Prehistoric Isle is a scrolling shoot 'em up game reminiscent of R-Type where players assume the role of U.S. Marine pilots taking control of biplanes, which are sent on a reconnaissance assignment through five increasingly difficult stages at "Greenhell Isle", a fictional island inhabited by dinosaurs and creatures thought to be extinct. The players control their plane over a constantly scrolling background and the scenery never stops moving until a boss that must be fought before progressing any further is reached. Players have only one weapon at their disposal: the standard shot that travels a max distance of the screen's length. A gameplay feature is the satellite "option"; when collecting a "P" icon by destroying dinosaur eggs, the players gain a satellite "option" similar to R-Type, which fires multiple types of weapons depending on its current stoptrack position. Various other items can also be picked up along the way such as speed increasers and "$" icons for points. If the player's plane is hit by enemies, enemy fire or enough neanderthals climb onto it, a life is lost but they will be respawned with the penalty of decreasing the plane's firepower to its original state.

== Plot ==
In the 1930s, ships that sailed near The Bahamas began to disappear mysteriously, with the United States and neighbor countries deciding to task an investigation team from the U.S. Marine to determine the cause. When surveying the ocean, the expedition crew comes across an uncharted land dubbed "Greenhell Isle" and launches two reconnaissance biplanes to examine further. During their research, the biplanes come under attack by dinosaurs and creatures thought to be extinct.
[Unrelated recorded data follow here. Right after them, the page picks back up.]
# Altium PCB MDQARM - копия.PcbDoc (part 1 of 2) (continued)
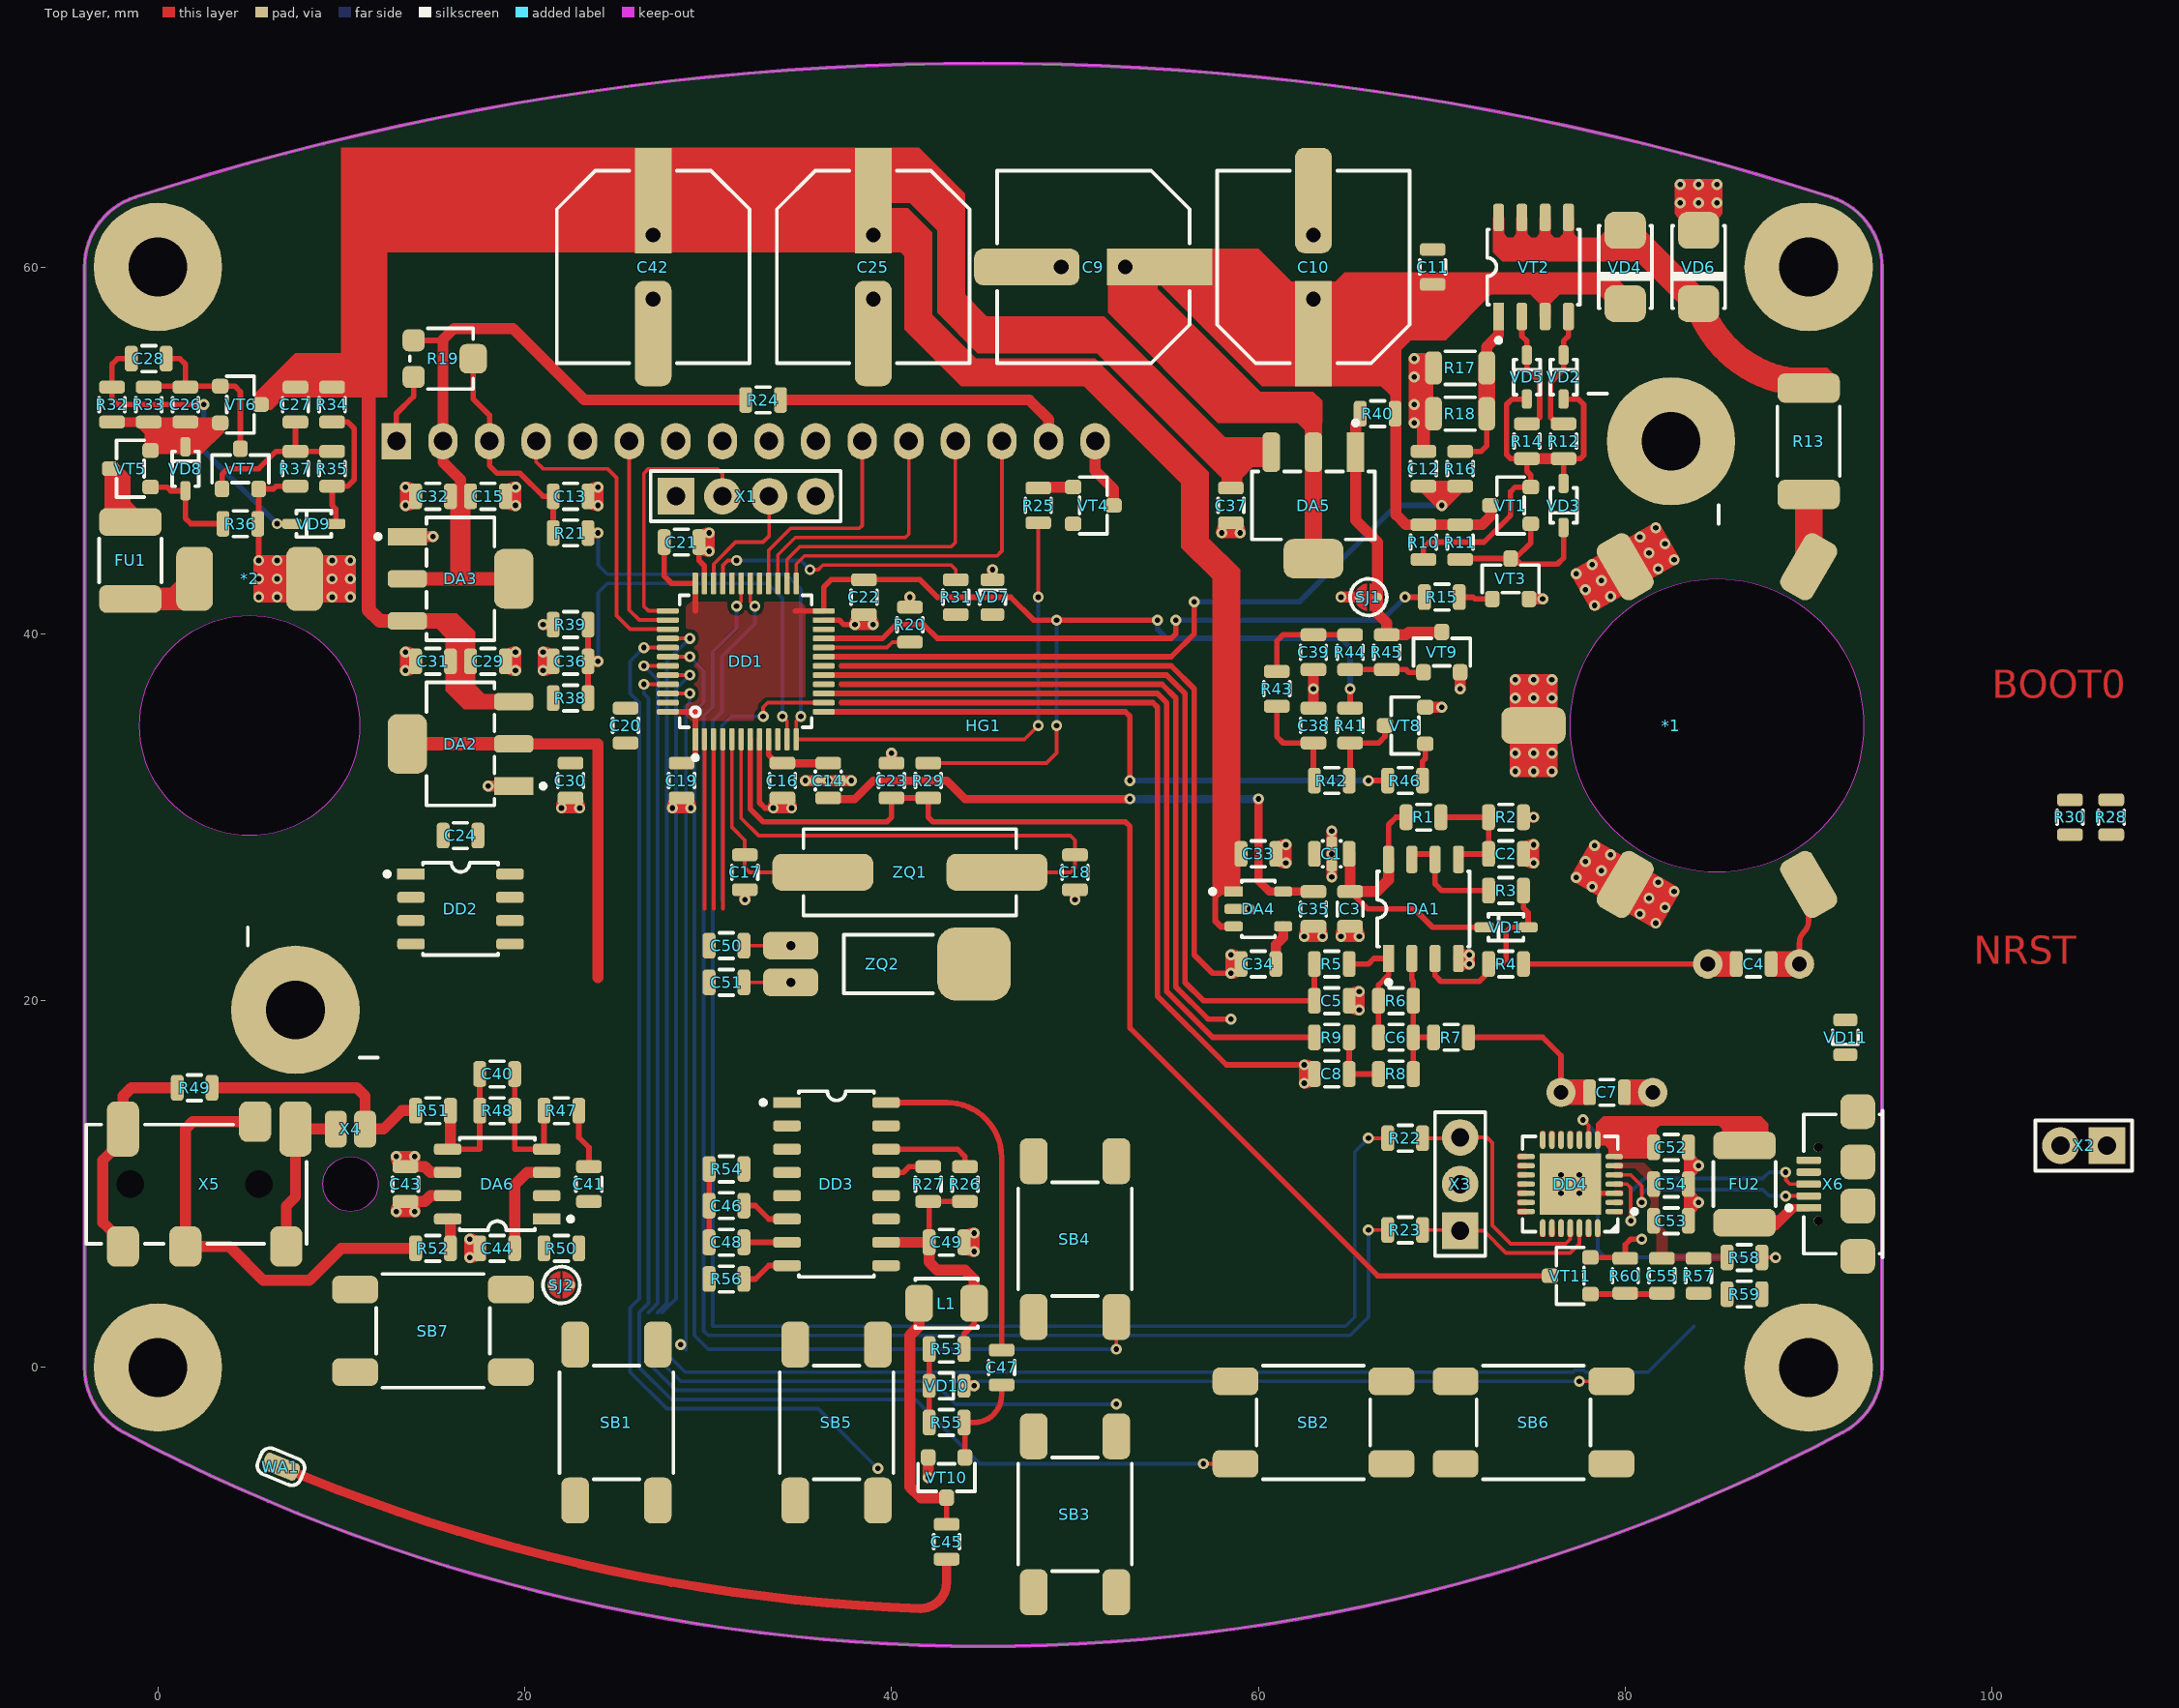
[diagram p0: Top Layer view]
## Components (designator, comment, footprint, x,y, rotation, side; value= is the part's Value field where it differs from the comment) (continued)
R15 "1к" "Resistor SMD0805" 70,42 r180 top
R16 "10к" "Resistor SMD0805" 71,49 r270 top
R17 "1" "Resistor SMD1206" 71,54.5 r0 top
R18 "1" "Resistor SMD1206" 71,52 r0 top
R19 "10к" "Resistor 3303X-3" 15.54,55 r270 top
R20 "10к" "Resistor SMD0805" 41,40.5 r90 top
R21 "1к" "Resistor SMD0805" 22.5,45.5 r180 top
R22 "100" "Resistor SMD0805" 68,12.5 r180 top
R23 "100" "Resistor SMD0805" 68,7.5 r180 top
R24 "100" "Resistor SMD0805" 33,52.75 r180 top
R25 "1к" "Resistor SMD0805" 48,47 r270 top
R26 "4,7к" "Resistor SMD0805" 44,10 r270 top
R27 "4,7к" "Resistor SMD0805" 42,10 r270 top
R28 "1к" "Resistor SMD0805" 106.5,30 r90 top
R29 "10к" "Resistor SMD0805" 42,32 r90 top
R30 "10к" "Resistor SMD0805" 104.25,30 r90 top
R31 "1к" "Resistor SMD0805" 43.5,42 r270 top
R32 "10к" "Resistor SMD0805" -2.5,52.5 r270 top
R33 "100к" "Resistor SMD0805" -0.5,52.5 r270 top
R34 "100к" "Resistor SMD0805" 9.5,52.5 r90 top
R35 "330k" "Resistor SMD0805" 9.5,49 r270 top value=330к
R36 "10к" "Resistor SMD0805" 4.5,46 r180 top
R37 "220к" "Resistor SMD0805" 7.5,49 r270 top
R38 "18к" "Resistor SMD0805" 22.5,36.5 r180 top
R39 "3,3к" "Resistor SMD0805" 22.5,40.5 r0 top
R40 "150" "Resistor SMD0805" 66.5,52 r180 top
R41 "1к" "Resistor SMD0805" 65,35 r270 top
R42 "10к" "Resistor SMD0805" 64,32 r180 top
R43 "10к" "Resistor SMD0805" 61,37 r90 top
R44 "220к" "Resistor SMD0805" 65,39 r270 top
R45 "470k" "Resistor SMD0805" 67,39 r90 top value=470к
R46 "1к" "Resistor SMD0805" 68,32 r0 top
R47 "10к" "Resistor SMD0805" 22,14 r180 top
R48 "33к" "Resistor SMD0805" 18.5,14 r180 top
R49 "270" "Resistor SMD0805" 2,15.25 r0 top
R50 "1к" "Resistor SMD0805" 22,6.5 r180 top
R51 "2" "Resistor SMD0805" 15,14 r180 top
R52 "2" "Resistor SMD0805" 15,6.5 r180 top
R53 "4,7к" "Resistor SMD0805" 43,1 r180 top
R54 "10к" "Resistor SMD0805" 31,10.825 r0 top
R55 "47к" "Resistor SMD0805" 43,-3 r180 top
R56 "1к" "Resistor SMD0805" 31,4.825 r0 top
R57 "1к" "Resistor SMD0805" 84,5 r90 top
R58 "1к" "Resistor SMD0805" 86.5,6 r180 top
R59 "1к" "Resistor SMD0805" 86.5,4 r0 top
R60 "100к" "Resistor SMD0805" 80,5 r270 top
SB1 "KLS7-TS6604-4.3-180" "Button KLS7-TS6604-4.3-180" 25,-3 r90 top
SB2 "KLS7-TS6604-4.3-180" "Button KLS7-TS6604-4.3-180" 63,-3 r180 top
SB3 "KLS7-TS6604-4.3-180" "Button KLS7-TS6604-4.3-180" 50,-8 r90 top
SB4 "KLS7-TS6604-4.3-180" "Button KLS7-TS6604-4.3-180" 50,7 r270 top
SB5 "KLS7-TS6604-4.3-180" "Button KLS7-TS6604-4.3-180" 37,-3 r270 top
SB6 "KLS7-TS6604-4.3-180" "Button KLS7-TS6604-4.3-180" 75,-3 r0 top
SB7 "KLS7-TS6604-4.3-180" "Button KLS7-TS6604-4.3-180" 15,2 r0 top
SJ1 "SolderJump 1" "SolderJump 1" 66,42 r0 top
SJ2 "SolderJump 1" "SolderJump 1" 22,4.5 r0 top
VD1 "1N4148WS" "Diode SOD-323" 73.5,24 r180 top
VD2 "1N4148WS" "Diode SOD-323" 76.635,54 r90 top
VD3 "1N4148WS" "Diode SOD-323" 76.635,47 r270 top
VD4 "ES1J" "Diode SMA" 80,60 r270 top
VD5 "1N4148WS" "Diode SOD-323" 74.635,54 r90 top
VD6 "ES1J" "Diode SMA" 84,60 r270 top
VD7 "RED" "Diode SMD0805" 45.5,42 r90 top
VD8 "1N4148WS" "Diode SOD-323" 1.5,49 r90 top
VD9 "BAT54WS" "Diode SOD-323" 8.5,46 r180 top
VD10 "RED" "Diode SMD0805" 43,-1 r0 top
VD11 "GREEN" "Diode SMD0805" 92,18 r270 top
VT1 "BC847B" "Transistor SOT23" 73.75,47 r90 top
VT2 "IRF7105PBF" "Transisror IRF7105" 75,60 r90 top value=IRF7105BPF
VT3 "BC847B" "Transistor SOT23" 73.75,43 r0 top
VT4 "BC847B" "Transistor SOT23" 51,47 r270 top
VT5 "IRLML6402TRPBF" "Transistor SOT23" -1.5,49 r90 top
VT6 "IRLML6402TRPBF" "Transistor SOT23" 4.5,52.5 r270 top
VT7 "IRLML2502TRPBF" "Transistor SOT23" 4.5,49 r0 top
VT8 "BC847B" "Transistor SOT23" 68,35 r90 top
VT9 "2N7002" "Transistor SOT23" 70,39 r0 top
VT10 "2SC3356" "Transistor SOT23" 43,-6 r180 top
VT11 "IRLML2502TRPBF" "Transistor SOT23" 77,5 r90 top
WA1 "Antenna 1" "Antenna 1" 6.708,-5.409 r337.59 top
X1 "PLS-4" "Connector PLS-4" 32.05,47.5 r0 top
X2 "PLS-2" "Connector PLS-2" 105,12.1 r180 top
X3 "PLS-3" "Connector PLS-3" 71,10 r90 top
X4 "Connector SPEAKER_1" "Connector SPEAKER" 10.5,10 r0 top
X5 "PJ-311D" "Connector PJ-311D" -1.5,10 r0 top
X6 "KLS1-233-0-0-1-T" "Connector KLS1-233-0-0-1-T" 92.675,10 r90 top
ZQ1 "8 МГц" "Quartz HC-49SM" 41,27 r0 top value=HC-49SM-8MHz
ZQ2 "32768 Гц" "Quartz DT-38T-32768Hz" 41.5,22 r180 top value=DT-38T-32768Hz

## Footprints (in the part's own frame and the unit in brackets; to place one, negate y for a bottom-side part, rotate by r counter-clockwise, add the part's x,y. Pads: shape width x height; smd on the part's side, far side on the other; paste and mask are expansions set on the pad)
"Antenna 1" [mm]
  rrect50% 2x1 smd mask+0.075: 1(0,0)
  silkscreen extent -1.25,-0.75 1.25,0.75
"Button KLS7-TS6604-4.3-180" [mm]
  rrect50% 2.5x1.5 smd mask+0.075: 1(-4.25,-2.25) 2(4.25,-2.25) 3(4.25,2.25) 4(-4.25,2.25)
  silkscreen extent -3.1,-3.1 3.1,3.1, body extent -4.5,-3 4.5,3, height 4.3
"Capacitor ECAP SMD10x10.5" [mm]
  rect 5x2 smd mask+0.075: 1(-4,0)
  rect 2x2 hole 0.8 mask+0.075: 1(-1.75,0)
  rrect50% 2x2 hole 0.8 mask+0.075: 2(1.75,0)
  rrect50% 5x2 smd mask+0.075: 2(4,0)
  silkscreen extent -5.25,-5.25 5.25,5.25, body extent -6,-5.25 6,5.25, height 10.5
"Capacitor SMD0805-T0.75" [mm]
  rrect50% 0.7x1.4 smd mask+0.075: 1(-0.95,0) 2(0.95,0)
  silkscreen extent -0.38,-0.7 0.38,0.7, body extent -1.05,-0.67 1.05,0.68, height 0.75
"Capacitor SMD0805-T0.95" [mm]
  rrect50% 0.7x1.4 smd mask+0.075: 1(-0.95,0) 2(0.95,0)
  silkscreen extent -0.38,-0.7 0.38,0.7, body extent -1.05,-0.67 1.05,0.68, height 0.95
"Capacitor SMD0805-T1.35" [mm]
  rrect50% 0.7x1.4 smd mask+0.075: 1(-0.95,0) 2(0.95,0)
  silkscreen extent -0.38,-0.7 0.38,0.7, body extent -1.05,-0.67 1.05,0.68, height 1.35
"Capacitor SMD0805_5mm" [mm]
  round 1.6 hole 0.8 mask+0.075: 1(-2.5,0) 2(2.5,0)
  rrect50% 0.7x1.4 smd mask+0.075: 1(-0.95,0) 2(0.95,0)
  Top Layer region: 2.5,0.7 1,0.7 1,-0.7 2.5,-0.7
  Top Layer region: -2.5,-0.7 -1,-0.7 -1,0.7 -2.5,0.7
  silkscreen extent -0.38,-0.7 0.38,0.7, body extent -3.65,-7.2 3.65,0.25, height 2.5
"Connector KLS1-233-0-0-1-T" [mm]
  rect 0.4x1.35 smd mask+0.075: 1(-1.3,2.675)
  rrect50% 0.4x1.35 smd mask+0.075: 2(-0.65,2.675) 3(0,2.675) 4(0.65,2.675) 5(1.3,2.675)
  rrect50% 1.9x1.9 smd mask+0.075: EP(-3.95,0) EP(-1.2,0) EP(1.2,0) EP(3.95,0)
  round 0.5 hole 0.5 unplated mask+0.075: MH(-2,2.15) MH(2,2.15)
  silkscreen extent -4,-1.35 4,3.87, body extent -3.99,-2.58 3.99,2.85, height 2.73
"Connector MD_COIL" [mm]
  rrect50% 3.5x2 smd rot 120 mask+0.075: 1(5,-8.66) 4(-5,8.66)
  rrect50% 3.5x2 smd rot 60 mask+0.075: 2(-5,-8.66) 5(5,8.66)
  rrect50% 3.5x2 smd mask+0.075: 3(-10,0)
  Keep-Out Layer board cut-out: 0,8 3.061,7.391 5.657,5.657 7.391,3.061 8,0 8,0 7.391,-3.061 5.657,-5.657 3.061,-7.391 0,-8 0,-8 -3.061,-7.391 -5.657,-5.657 -7.391,-3.061 -8,0 -8,0 -7.391,3.061 -5.657,5.657 -3.061,7.391 0,8
"Connector MD_POWER" [mm]
  rrect50% 2x3.5 smd mask+0.075: 1(-3,8) 2(3,8)
  Keep-Out Layer board cut-out: 0,6 2.296,5.543 4.243,4.243 5.543,2.296 6,0 6,0 5.543,-2.296 4.243,-4.243 2.296,-5.543 0,-6 0,-6 -2.296,-5.543 -4.243,-4.243 -5.543,-2.296 -6,0 -6,0 -5.543,2.296 -4.243,4.243 -2.296,5.543 0,6
"Connector PJ-311D" [mm]
  rrect50% 1.75x2.2 smd mask+0.075: 1(-0.4,-3.4) 3(3,-3.4) 4(6.8,3.4) 6(8.5,-3.4)
  rrect50% 1.75x3 smd mask+0.075: 2(-0.4,3) 5(9,3)
  rrect50% 0.5x0.5 hole 1.5 unplated mask+0.075: MH(0,0) MH(7,0)
  silkscreen extent -2.4,-3.25 9.6,3.25, body extent -4.5,-4.15 9.5,4.15, height 4.92
"Connector PLS-2" [mm]
  rect 2x2 hole 1 mask+0.075: 1(-1.27,0)
  round 2 hole 1 mask+0.075: 2(1.27,0)
  silkscreen extent -2.64,-1.37 2.64,1.37, body extent -2.54,-1.27 2.54,1.27, height 8.6
"Connector PLS-3" [mm]
  rect 2x2 hole 1 mask+0.075: 1(-2.54,0)
  round 2 hole 1 mask+0.075: 2(0,0) 3(2.54,0)
  silkscreen extent -3.91,-1.37 3.91,1.37, body extent -3.81,-1.27 3.81,1.27, height 8.6
"Connector PLS-4" [mm]
  rect 2x2 hole 1 mask+0.075: 1(-3.81,0)
  round 2 hole 1 mask+0.075: 2(-1.27,0) 3(1.27,0) 4(3.81,0)
  silkscreen extent -5.18,-1.37 5.18,1.37, body extent -5.08,-1.27 5.08,1.27, height 8.6
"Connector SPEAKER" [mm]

== Development and release ==
Prehistoric Isle was created by most of the same team that would later work on several projects for the Neo Geo platforms at SNK. Its development was helmed by a director under the pseudonym of "Yah!", with Eikichi Kawasaki serving as producer. The coding work was handled by two programmers under the pseudonyms of Itsam Matarca and Takoguti Kamen 001 respectively. Hideki Fujiwara, Violetche Nakamoto, Tomomi M. and "Yokochan" acted as the project's designers. The soundtrack was co-written by Shinsekai Gakkyoku Zatsugidan composers Toshikazu Tanaka and Yoko Osaka, with Tanaka writing the names of each music track.

Prehistoric Isle was first released in arcades across Japan, North America and Europe by SNK in 1989. Prior to launch, it was showcased in a playable state at the 1989 AOU Show. The same year on September 21, an album containing its soundtrack was co-published exclusively in Japan by Scitron and Pony Canyon. The game was first re-released by SNK Playmore in Japan as part of the SNK Arcade Classics 0 compilation for PlayStation Portable in 2011. Later during the same year, the title was later ported to PlayStation Network by G1M2. It was also included as part of the SNK 40th Anniversary Collection compilation.

== Reception ==

Prehistoric Isle was met with positive reception since its initial launch in arcades. In Japan, Game Machine listed it on their July 1, 1989 issue as being the sixth most-successful table arcade unit of the month, outperforming titles such as Arbalester, Crack Down and Dynasty Wars.

Review scores
| Publication | Score |  |
| Arcade | PSP |
| AllGame | 3/5 | N/A |
| Computer and Video Games | 81% | N/A |
| Jeuxvideo.com | N/A | 13/20 |
| Sinclair User | 10/10 | N/A |
| Génération 4 | 9/10 | N/A |
| PSP Minis | N/A | 9/10 |
| Retro Gamer | N/A | 4/5 |

== Sequel ==
A sequel to Prehistoric Isle had already been teased during its credits sequence. Prehistoric Isle 2 was released in 1999 for the Neo Geo MVS but proved to be less popular than its predecessor. It was later re-released in recent years for the PlayStation Network, Nintendo eShop and Xbox Live.